The committee has additionally recommended enacting a specialized Code of Ethics governing Public Prosecutor conduct, with ethical breaches constituting valid grounds for removal from office. This framework would establish clear professional standards distinct from the Attorney General's existing code, recognizing that prosecutorial ethics require particular attention given the office's coercive powers and influence over individual liberty. Such ethical frameworks typically address independence from political direction, impartial case selection, and obligations to pursue justice rather than securing convictions.

Azalina, who chairs the Special Select Committee, emphasized that the committee's deliberations reflected genuine bipartisan commitment to institutional reform. The committee comprises members from both government and opposition parties, a composition intended to signal that constitutional restructuring transcends partisan calculation. Throughout months of examination, the committee received detailed briefings from the Attorney General's Chambers on constitutional, legal, administrative and implementation dimensions, while simultaneously gathering perspectives from academic institutions, professional legal bodies, civil society organizations, and international comparative experiences.

The committee's methodology demonstrates comprehensive institutional analysis. Beyond consulting legal practitioners and government officials, reformers examined how comparable democracies structure prosecutorial independence, identifying best practices and potential implementation challenges. This international comparative approach reflects recognition that Malaysia operates within global contexts where prosecutorial independence increasingly carries significance for international legal cooperation, investment confidence, and diplomatic relations.

For Malaysia's legal community and broader civil society, these reforms carry considerable symbolic weight. They represent parliamentary acknowledgment that institutional independence strengthens rather than weakens effective governance, and that democratic legitimacy requires distributing executive power across multiple institutions rather than concentrating authority in the Prime Minister's office. Such institutional restructuring reflects evolving understanding of how checks and balances serve public interest.

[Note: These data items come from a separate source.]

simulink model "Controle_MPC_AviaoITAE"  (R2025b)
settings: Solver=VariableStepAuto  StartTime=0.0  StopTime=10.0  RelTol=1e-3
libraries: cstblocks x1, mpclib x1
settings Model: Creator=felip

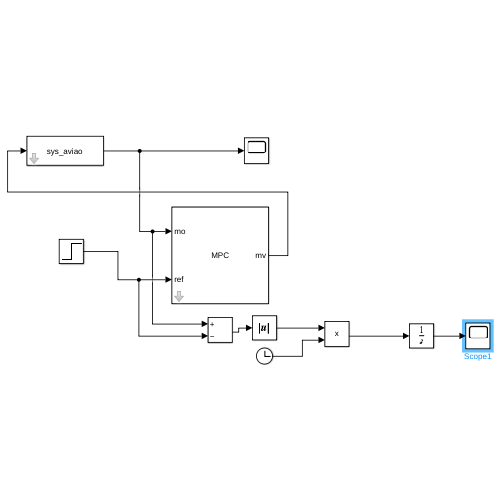
[thumbnail: Simulink's stored preview of the top-level diagram]
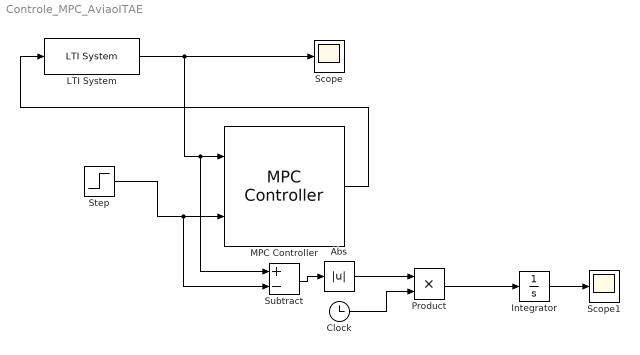
== system Controle_MPC_AviaoITAE ==
  Abs : Abs  SaturateOnIntegerOverflow=off
  Clock : Clock
  Integrator : Integrator
  LTI System : cstblocks/LTI System  sys=sys_aviao  IC=[]  PadeOrder=0
  MPC Controller : mpclib/MPC Controller  SCDEnableBlockLinearizationSpecification=on  mpcobj=mpc1  is_multiple=0  enable_value=0  return_u0=off  updateMPCinCallerWorkspace=on  md_inport=off  mv_inport=off  uref_inport=off  return_cost=off  return_mvseq=off  return_qpstatus=off  return_xseq=off  return_state=off  return_ovseq=off  state_inport=off  umin_inport=off  umax_inport=off  ymin_inport=off  ymax_inport=off  cc_inport=off  ywt_inport=off  uwt_inport=off  duwt_inport=off  rhoeps_inport=off  pm_inport=off  MaximumP=10  HorizonChoice=FixedHorizon  n_ts=0.1  n_p=10  n_mv=1  n_md=0  n_ud=0  n_mo=1  n_uo=0  BlockDataType=double  SampleTimeInherited=off  switch_inport=off
  Product : Product
  Scope : Scope
      settings: ActiveDisplayYMinimum=-0.11254963995084988  ActiveDisplayYMaximum=0.35155156706727242
  Scope1 : Scope
      settings: ActiveDisplayYMinimum=-0.43789815586241543  ActiveDisplayYMaximum=0.81240805735037436
  Step : Step  After=0.2  SampleTime=0
  Subtract : Sum  Inputs=+-
  wires:
  Product/1 -> Integrator/1
  LTI System/1 -> Subtract/1, MPC Controller/1, Scope/1
  Step/1 -> Subtract/2, MPC Controller/2
  MPC Controller/1 -> LTI System/1
  Subtract/1 -> Abs/1
  Integrator/1 -> Scope1/1
  Abs/1 -> Product/1
  Clock/1 -> Product/2

The constitutional amendment requires securing a two-thirds parliamentary majority—a substantial threshold that demands significant cross-party support. Azalina explicitly appealed to opposition members to recognize the reform's merits, framing institutional independence as a national rather than partisan concern. She warned that missing the current parliamentary sitting might delay reforms for years, suggesting legislative momentum currently favors proceeding immediately.

For Southeast Asian observers, Malaysia's prosecutorial reform initiatives warrant attention. Regional democracies including the Philippines, Thailand, and Indonesia have grappled with similar challenges regarding prosecutorial independence and potential political manipulation of criminal justice systems. Malaysia's parliamentary approach to institutionalizing independence through constitutional amendment rather than administrative decree potentially offers regional precedent for countries seeking to strengthen prosecutorial autonomy.

The proposed reforms acknowledge that modern governance requires institutional arrangements where no single actor possesses comprehensive control over coercive powers affecting individual liberty. By vesting prosecutorial appointment authority in a multi-institutional framework and subjecting prosecutors to parliamentary reporting obligations, Malaysia's reformers are attempting to construct safeguards that previous arrangements lacked. Whether parliamentary implementation will match reformist intent remains contingent upon securing the requisite two-thirds majority and subsequently operationalizing complex institutional changes effectively.